Where and how do I begin thanking you for doing this Jason. For those who don't know I am the Matt listed above. This is my 3rd year doing the shoot and each year I'm blown away by how generous those within our sport can be. Please take a look at Smooth Stability's stabilizers and our website as well and help us support those suffering from Cerebral Palsy.


----------



## asa1485 (Jan 16, 2008)

Nice deal Jason.


----------



## japple (Oct 3, 2002)

its a great thing you guys are doing! keep up the great work! There is nothing more standup than helping the kids!


----------



## japple (Oct 3, 2002)

its a great thing you guys are doing! keep up the great work! There is nothing more standup than helping the kids!


----------



## MICCOX (Sep 28, 2008)

Jason you are the man if I was not so far away I would be there hpoe you and the rest of the ss team can help out


----------



## tedlebo (Jul 5, 2005)

:thumbs_up:thumbs_up


----------



## dhelmuth (Oct 28, 2009)

so for the donation to work do i need to buy a stab directly from you Jason or just head over to Borkholders and pick one up?


----------



## jfuller17 (Jan 28, 2007)

You actually dont even have to buy a stabilizer. There is a "donate" button on the home page and in the product page. You can click on that button and just donate any amount you wish. Anything that is donated will go 100% to the charity.

Jason


----------



## jfuller17 (Jan 28, 2007)

ttt


----------



## tedlebo (Jul 5, 2005)

You're a good guy, Jason. I hope this generates a lot of business for you, and in turn will help Matt's cause immensely.

Ted


----------



## MICCOX (Sep 28, 2008)

Bump


----------



## tedlebo (Jul 5, 2005)

Up for morning


----------



## goofy2788 (Aug 14, 2005)

Once again I can't thank everyone enough for the support you've all shown me during the first 2 years of this event. I'm hoping this year will be even better.:thumbs_up


----------



## goofy2788 (Aug 14, 2005)

ttt


----------



## tedlebo (Jul 5, 2005)

This is a good deal for some very deserving people and a really good guy in Matt. He is a good friend of mine and he could really use all the support and donations he can get.
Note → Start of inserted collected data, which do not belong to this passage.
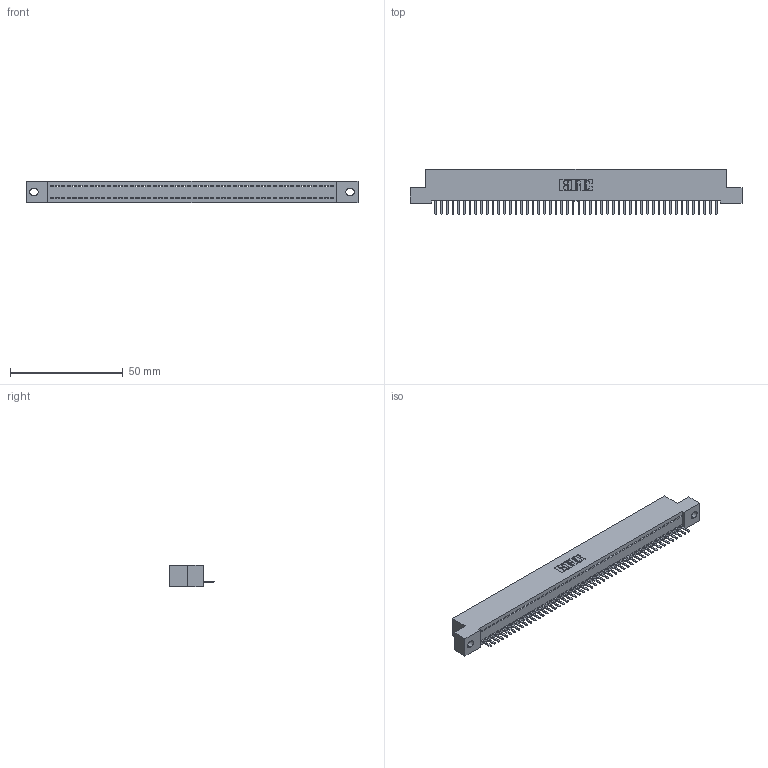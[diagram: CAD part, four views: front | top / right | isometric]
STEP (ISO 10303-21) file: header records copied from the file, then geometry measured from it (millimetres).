
FILE_DESCRIPTION (( 'STEP AP203' ), '1' );
FILE_NAME ('392-050-520-102.STEP', '2018-08-17T00:45:51', ( '' ), ( '' ), 'SwSTEP 2.0', 'SolidWorks 2016', '' );
FILE_SCHEMA (( 'CONFIG_CONTROL_DESIGN' ));
Length unit declared in the file: inch
Products named in the file (3): 342 Part_.128 Slot; 345-292-001_345-293-120; 392-050-520-102
Assembly tree (51 placements, depth 2):
  392-050-520-102
    342 Part_.128 Slot
    345-292-001_345-293-120  x50
Bounding box: 147.32 x 20.02 x 9.4 mm (x, y, z)
Volume: 12750.5 mm3; surface area: 18172.6 mm2
Topology: 51 solids, 51 shells, 3214 faces, 9511 edges, 6206 vertices
Faces by surface type: plane 2270, cylinder 944
Entity records: 29649 total; most frequent: CARTESIAN_POINT 5132, ORIENTED_EDGE 5106, DIRECTION 4301, EDGE_CURVE 2553, VECTOR 2421, LINE 2421, VERTEX_POINT 1698, AXIS2_PLACEMENT_3D 940

Not to mention these are really good stabilizers.

Ted


----------



## CARRASCO (Jul 18, 2007)

*Ttt*

Bump for a great cause.
Jason & Sara... you guys are awesome.

I won't be able to make it, but my donation is on the way.
Good Luck.


----------



## tedlebo (Jul 5, 2005)

:thumbs_up


----------



## tedlebo (Jul 5, 2005)

:thumbs_up


----------



## tedlebo (Jul 5, 2005)

A really good cause for some truly good people, folks. Please help however you can.


----------



## tedlebo (Jul 5, 2005)

:thumbs_up


----------



## tedlebo (Jul 5, 2005)

:thumbs_up


----------



## tedlebo (Jul 5, 2005)

:thumbs_up


----------



## tedlebo (Jul 5, 2005)

:thumbs_up


----------



## tedlebo (Jul 5, 2005)

:thumbs_up


----------



## tedlebo (Jul 5, 2005)

:thumbs_up


----------



## MICCOX (Sep 28, 2008)

Back to the top for a good cause


----------



## Peregrynne (Jul 1, 2006)

ttt...Bigger and better this year....Thanks Jason and crew for helping out with this. A lot of people don't realize how far something like this can go. Thanks again.


----------



## tedlebo (Jul 5, 2005)

Peregrynne said:


> ttt...Bigger and better this year....Thanks Jason and crew for helping out with this. A lot of people don't realize how far something like this can go. Thanks again.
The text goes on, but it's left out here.